* **What you will do**
Write out every entry precisely as given, leaving the pictures out.

Dataset records:

╔══

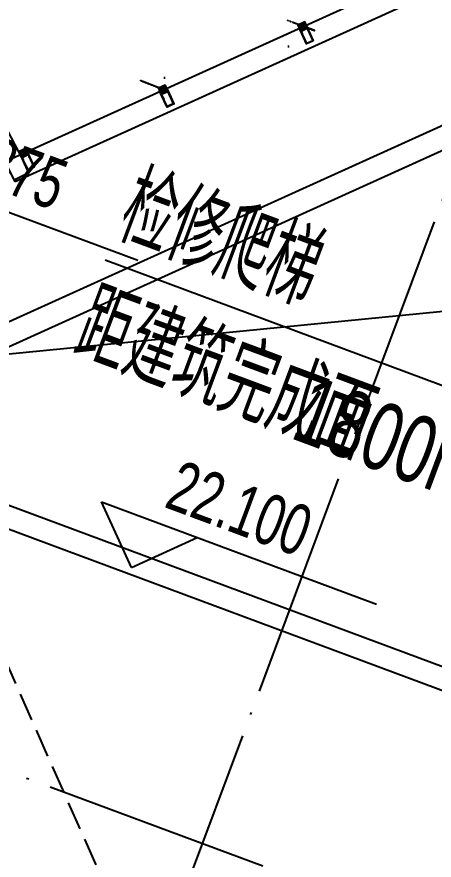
# Model space of a CAD drawing. Header units: millimetres. Extents: x 600121811 to 600690586, y 3472921280 to 3473279938.
# Drawn here: x 600263701 to 600267378, y 3473178740 to 3473186182 of the extents above; entities that cross this region are included whole.
import ezdxf

# ---------------------------------------------------------------- set-up
doc = ezdxf.new("R2010")
doc.units = ezdxf.units.MM
doc.header["$LTSCALE"] = 1000
for name, pattern in [('AX-MALL-GIRD-200$0$DOTE', [2.4200000000000004, 2, -0.2, 0.02, -0.2]), ('AX-MALL-WALL-GJ$0$CENTER', [2, 1.25, -0.25, 0.25, -0.25]), ('AX-MALL-WALL-GJ$0$DASH', [0.35, 0.25, -0.1]), ('AX-MALL-WALL-GJ$0$HIDDEN', [0.375, 0.25, -0.125]), ('AX-MALL-WALL-GJ$0$HIDDEN2', [4.7624999999999975, 3.174999999999998, -1.587499999999999])]:
    doc.linetypes.add(name, pattern=pattern)
doc.layers.get('0').update_dxf_attribs({"linetype": 'CONTINUOUS'})
for name, color, linetype in [('AX-MALL-DIM-PGJ$0$A-Anno-Note', 241, 'CONTINUOUS'), ('AX-MALL-DIM-PGJ$0$DIM_LEAD', 3, 'CONTINUOUS'), ('AX-MALL-GIRD-200$0$A-Grid', 222, 'AX-MALL-GIRD-200$0$DOTE'), ('AX-MALL-GJ-200$0$A-Anno-Note', 241, 'CONTINUOUS'), ('AX-MALL-WALL-GJ$0$A-Anno-Levl', 201, 'CONTINUOUS'), ('AX-MALL-WALL-GJ$0$A-Anno-Note', 241, 'CONTINUOUS'), ('AX-MALL-WALL-GJ$0$A-Detl-Patt', 8, 'CONTINUOUS'), ('AX-MALL-WALL-GJ$0$A-Detl-Thin', 131, 'CONTINUOUS'), ('AX-MALL-WALL-GJ$0$A-SEE', 254, 'CONTINUOUS'), ('AX-MALL-WALL-GJ$0$AP', 3, 'CONTINUOUS'), ('AX-MALL-WALL-GJ$0$FIX', 2, 'CONTINUOUS'), ('AX-MALL-WALL-GJ$0$GASKET', 2, 'CONTINUOUS'), ('AX-MALL-WALL-GJ$0$TEXT', 2, 'CONTINUOUS')]:
    doc.layers.add(name, color=color, linetype=linetype)
doc.styles.add('AX-MALL-DIM-PGJ$0$_TCH_DIM', font='zy_en.shx', dxfattribs={"width": 0.7, "bigfont": 'zy_cn.shx'})
doc.styles.add('AX-MALL-WALL-GJ$0$_TCH_DIM', font='zy_en.shx', dxfattribs={"width": 0.7, "bigfont": 'zy_cn.shx'})

# ---------------------------------------------------------------- blocks, each defined once
blk = doc.blocks.new('AX-MALL-GIRD-200')
at = {"layer": 'AX-MALL-GIRD-200$0$A-Grid'}
for p, q in [((600276670.8627876, 3473209317.449277), (600237941.3238384, 3473105353.722196)), ((600239047.6805397, 3473188679.873316), (600596943.6846381, 3473055353.110034))]:
    blk.add_line(p, q, dxfattribs=at)
blk = doc.blocks.new('AX-MALL-WALL-GJ$0$fwergegheh')
at = {"layer": 'AX-MALL-WALL-GJ$0$A-SEE'}
blk.add_lwpolyline([(149.9524734020233, 542.9655318260193), (-0.008915424346923828, 542.9622936248779), (-2.384185791015625e-07, -7.03770637512207), (150.2232069969177, -7.035207748413086)], dxfattribs=at)
blk = doc.blocks.new('AX-MALL-WALL-GJ$0$fgegrhrthr')
at = {"layer": 'AX-MALL-WALL-GJ$0$A-SEE', "rotation": 227.9198076894356}
blk.add_blockref('AX-MALL-WALL-GJ$0$fwergegheh', (106377.8366140127, 120495.0310149193), dxfattribs=at)
blk = doc.blocks.new('AX-MALL-WALL-GJ$0$A$C56C775D7')
at = {"layer": 'AX-MALL-WALL-GJ$0$GASKET'}
h = blk.add_hatch(dxfattribs=at)
h.set_pattern_fill('ANSI37', color=1, scale=0.35, style=0)
h.set_pattern_definition([(45, (-14292825.89898887, -9063895.26327035), (-0.3928862052967754, 0.3928862052967754), []), (135, (-14292825.89898887, -9063895.26327035), (-0.3928862052967754, -0.3928862052967754), [])])
edge = h.paths.add_edge_path(flags=16)
edge.add_line((0.4479895178228617, -2.5), (-0.6520104818046093, -2.5))
edge.add_arc((-0.6520104836672544, -2.300000000745058), 0.1999999999788997, 179.9999999822825, 269.99999999166243, ccw=False)
edge.add_line((-0.8520104829221964, -2.300000000745058), (-0.8520104829221964, -1.100000001490116))
edge.add_arc((-0.6520104818046093, -1.099999999627471), 0.1999999999825377, 90.00000001146418, 180, ccw=False)
edge.add_line((-0.6520104818046093, -0.900000000372529), (0.4479895178228617, -0.900000000372529))
edge.add_arc((0.4479895178228617, -1.100000001490116), 0.2000000000916771, 2.709731461436604e-08, 90.00000002501292, ccw=False)
edge.add_line((0.6479895170778036, -1.099999999627471), (0.6479895170778036, -2.299999998882413))
edge.add_arc((0.4479895178228617, -2.300000000745058), 0.200000000098953, 270, 360, ccw=False)
edge = h.paths.add_edge_path(flags=16)
edge.add_line((3.249999998137355, -4.939726948738098), (3.249999998137355, -4.460273053497076))
edge.add_arc((2.945151684805751, -4.485407892614603), 0.305882746101539, 4.713394007698822, 98.66295766568197)
edge.add_arc((-1.862645149230957e-09, -13.46421551704407), 9.723443115568726, 72.65326512077237, 107.3467197384952)
edge.add_arc((-2.94514948502183, -4.48540878854692), 0.3058844260670983, 81.33704317753406, 175.2878132288706)
edge.add_line((-3.250000001862645, -4.460273051634431), (-3.250000001862645, -4.939726946875453))
edge.add_arc((-2.750000001862645, -4.939726948738098), 0.5000000000582077, 180, 252.6529947584752)
edge.add_arc((-1.862645149230957e-09, 3.864215515553951), 9.723443115521324, 252.6532655790159, 287.3467351509655)
edge.add_arc((2.749999998137355, -4.939726948738098), 0.5000000000843366, 287.3470194500536, 359.9999999870766)
edge = h.paths.add_edge_path()
edge.add_line((3.999999998137355, -7.599999999627471), (5.196692194789648, -7.599999999627471))
edge.add_arc((5.196692194789648, -7.400000000372529), 0.1999999999861757, 270.0000000041688, 383.1985899609186)
edge.add_line((5.380521202459931, -7.321216141805053), (4.05898916348815, -2.646648773923516))
edge.add_arc((3.866236349567771, -2.700000001117587), 0.1999999998872798, 15.47132814288438, 89.9999999791559)
edge.add_line((3.866236349567771, -2.5), (1.599999997764826, -2.5))
edge.add_arc((1.599999997764826, -2.300000000745058), 0.1999999999825377, 179.9999999916624, 269.9999999916624, ccw=False)
edge.add_line((1.399999998509884, -2.300000000745058), (1.399999998509884, -1.5))
edge.add_arc((1.599999997764826, -1.5), 0.1999999999825377, 90.00000000208439, 180, ccw=False)
edge.add_line((1.599999997764826, -1.300000000745058), (2.299999997019768, -1.300000000745058))
edge.add_arc((2.299999998882413, -1.099999999627471), 0.200000000095315, 269.9999999749871, 360.0000000093797)
edge.add_line((2.499999998137355, -1.099999999627471), (2.499999998137355, -0.1999999992549419))
edge.add_arc((2.299999998882413, -0.2000000011175871), 0.1999999999679858, 0, 90.00000000208446)
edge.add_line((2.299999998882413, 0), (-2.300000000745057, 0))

╚══

* **Task response**
# Model space of a CAD drawing. Header units: millimetres. Extents: x 600121811 to 600690586, y 3472921280 to 3473279938.
# Drawn here: x 600263701 to 600267378, y 3473178740 to 3473186182 of the extents above; entities that cross this region are included whole.
import ezdxf

# ---------------------------------------------------------------- set-up
doc = ezdxf.new("R2010")
doc.units = ezdxf.units.MM
doc.header["$LTSCALE"] = 1000
for name, pattern in [('AX-MALL-GIRD-200$0$DOTE', [2.4200000000000004, 2, -0.2, 0.02, -0.2]), ('AX-MALL-WALL-GJ$0$CENTER', [2, 1.25, -0.25, 0.25, -0.25]), ('AX-MALL-WALL-GJ$0$DASH', [0.35, 0.25, -0.1]), ('AX-MALL-WALL-GJ$0$HIDDEN', [0.375, 0.25, -0.125]), ('AX-MALL-WALL-GJ$0$HIDDEN2', [4.7624999999999975, 3.174999999999998, -1.587499999999999])]:
    doc.linetypes.add(name, pattern=pattern)
doc.layers.get('0').update_dxf_attribs({"linetype": 'CONTINUOUS'})
for name, color, linetype in [('AX-MALL-DIM-PGJ$0$A-Anno-Note', 241, 'CONTINUOUS'), ('AX-MALL-DIM-PGJ$0$DIM_LEAD', 3, 'CONTINUOUS'), ('AX-MALL-GIRD-200$0$A-Grid', 222, 'AX-MALL-GIRD-200$0$DOTE'), ('AX-MALL-GJ-200$0$A-Anno-Note', 241, 'CONTINUOUS'), ('AX-MALL-WALL-GJ$0$A-Anno-Levl', 201, 'CONTINUOUS'), ('AX-MALL-WALL-GJ$0$A-Anno-Note', 241, 'CONTINUOUS'), ('AX-MALL-WALL-GJ$0$A-Detl-Patt', 8, 'CONTINUOUS'), ('AX-MALL-WALL-GJ$0$A-Detl-Thin', 131, 'CONTINUOUS'), ('AX-MALL-WALL-GJ$0$A-SEE', 254, 'CONTINUOUS'), ('AX-MALL-WALL-GJ$0$AP', 3, 'CONTINUOUS'), ('AX-MALL-WALL-GJ$0$FIX', 2, 'CONTINUOUS'), ('AX-MALL-WALL-GJ$0$GASKET', 2, 'CONTINUOUS'), ('AX-MALL-WALL-GJ$0$TEXT', 2, 'CONTINUOUS')]:
    doc.layers.add(name, color=color, linetype=linetype)
doc.styles.add('AX-MALL-DIM-PGJ$0$_TCH_DIM', font='zy_en.shx', dxfattribs={"width": 0.7, "bigfont": 'zy_cn.shx'})
doc.styles.add('AX-MALL-WALL-GJ$0$_TCH_DIM', font='zy_en.shx', dxfattribs={"width": 0.7, "bigfont": 'zy_cn.shx'})

# ---------------------------------------------------------------- blocks, each defined once
blk = doc.blocks.new('AX-MALL-GIRD-200')
at = {"layer": 'AX-MALL-GIRD-200$0$A-Grid'}
for p, q in [((600276670.8627876, 3473209317.449277), (600237941.3238384, 3473105353.722196)), ((600239047.6805397, 3473188679.873316), (600596943.6846381, 3473055353.110034))]:
    blk.add_line(p, q, dxfattribs=at)
blk = doc.blocks.new('AX-MALL-WALL-GJ$0$fwergegheh')
at = {"layer": 'AX-MALL-WALL-GJ$0$A-SEE'}
blk.add_lwpolyline([(149.9524734020233, 542.9655318260193), (-0.008915424346923828, 542.9622936248779), (-2.384185791015625e-07, -7.03770637512207), (150.2232069969177, -7.035207748413086)], dxfattribs=at)
blk = doc.blocks.new('AX-MALL-WALL-GJ$0$fgegrhrthr')
at = {"layer": 'AX-MALL-WALL-GJ$0$A-SEE', "rotation": 227.9198076894356}
blk.add_blockref('AX-MALL-WALL-GJ$0$fwergegheh', (106377.8366140127, 120495.0310149193), dxfattribs=at)
blk = doc.blocks.new('AX-MALL-WALL-GJ$0$A$C56C775D7')
at = {"layer": 'AX-MALL-WALL-GJ$0$GASKET'}
h = blk.add_hatch(dxfattribs=at)
h.set_pattern_fill('ANSI37', color=1, scale=0.35, style=0)
h.set_pattern_definition([(45, (-14292825.89898887, -9063895.26327035), (-0.3928862052967754, 0.3928862052967754), []), (135, (-14292825.89898887, -9063895.26327035), (-0.3928862052967754, -0.3928862052967754), [])])
edge = h.paths.add_edge_path(flags=16)
edge.add_line((0.4479895178228617, -2.5), (-0.6520104818046093, -2.5))
edge.add_arc((-0.6520104836672544, -2.300000000745058), 0.1999999999788997, 179.9999999822825, 269.99999999166243, ccw=False)
edge.add_line((-0.8520104829221964, -2.300000000745058), (-0.8520104829221964, -1.100000001490116))
edge.add_arc((-0.6520104818046093, -1.099999999627471), 0.1999999999825377, 90.00000001146418, 180, ccw=False)
edge.add_line((-0.6520104818046093, -0.900000000372529), (0.4479895178228617, -0.900000000372529))
edge.add_arc((0.4479895178228617, -1.100000001490116), 0.2000000000916771, 2.709731461436604e-08, 90.00000002501292, ccw=False)
edge.add_line((0.6479895170778036, -1.099999999627471), (0.6479895170778036, -2.299999998882413))
edge.add_arc((0.4479895178228617, -2.300000000745058), 0.200000000098953, 270, 360, ccw=False)
edge = h.paths.add_edge_path(flags=16)
edge.add_line((3.249999998137355, -4.939726948738098), (3.249999998137355, -4.460273053497076))
edge.add_arc((2.945151684805751, -4.485407892614603), 0.305882746101539, 4.713394007698822, 98.66295766568197)
edge.add_arc((-1.862645149230957e-09, -13.46421551704407), 9.723443115568726, 72.65326512077237, 107.3467197384952)
edge.add_arc((-2.94514948502183, -4.48540878854692), 0.3058844260670983, 81.33704317753406, 175.2878132288706)
edge.add_line((-3.250000001862645, -4.460273051634431), (-3.250000001862645, -4.939726946875453))
edge.add_arc((-2.750000001862645, -4.939726948738098), 0.5000000000582077, 180, 252.6529947584752)
edge.add_arc((-1.862645149230957e-09, 3.864215515553951), 9.723443115521324, 252.6532655790159, 287.3467351509655)
edge.add_arc((2.749999998137355, -4.939726948738098), 0.5000000000843366, 287.3470194500536, 359.9999999870766)
edge = h.paths.add_edge_path()
edge.add_line((3.999999998137355, -7.599999999627471), (5.196692194789648, -7.599999999627471))
edge.add_arc((5.196692194789648, -7.400000000372529), 0.1999999999861757, 270.0000000041688, 383.1985899609186)
edge.add_line((5.380521202459931, -7.321216141805053), (4.05898916348815, -2.646648773923516))
edge.add_arc((3.866236349567771, -2.700000001117587), 0.1999999998872798, 15.47132814288438, 89.9999999791559)
edge.add_line((3.866236349567771, -2.5), (1.599999997764826, -2.5))
edge.add_arc((1.599999997764826, -2.300000000745058), 0.1999999999825377, 179.9999999916624, 269.9999999916624, ccw=False)
edge.add_line((1.399999998509884, -2.300000000745058), (1.399999998509884, -1.5))
edge.add_arc((1.599999997764826, -1.5), 0.1999999999825377, 90.00000000208439, 180, ccw=False)
edge.add_line((1.599999997764826, -1.300000000745058), (2.299999997019768, -1.300000000745058))
edge.add_arc((2.299999998882413, -1.099999999627471), 0.200000000095315, 269.9999999749871, 360.0000000093797)
edge.add_line((2.499999998137355, -1.099999999627471), (2.499999998137355, -0.1999999992549419))
edge.add_arc((2.299999998882413, -0.2000000011175871), 0.1999999999679858, 0, 90.00000000208446)
edge.add_line((2.299999998882413, 0), (-2.300000000745057, 0))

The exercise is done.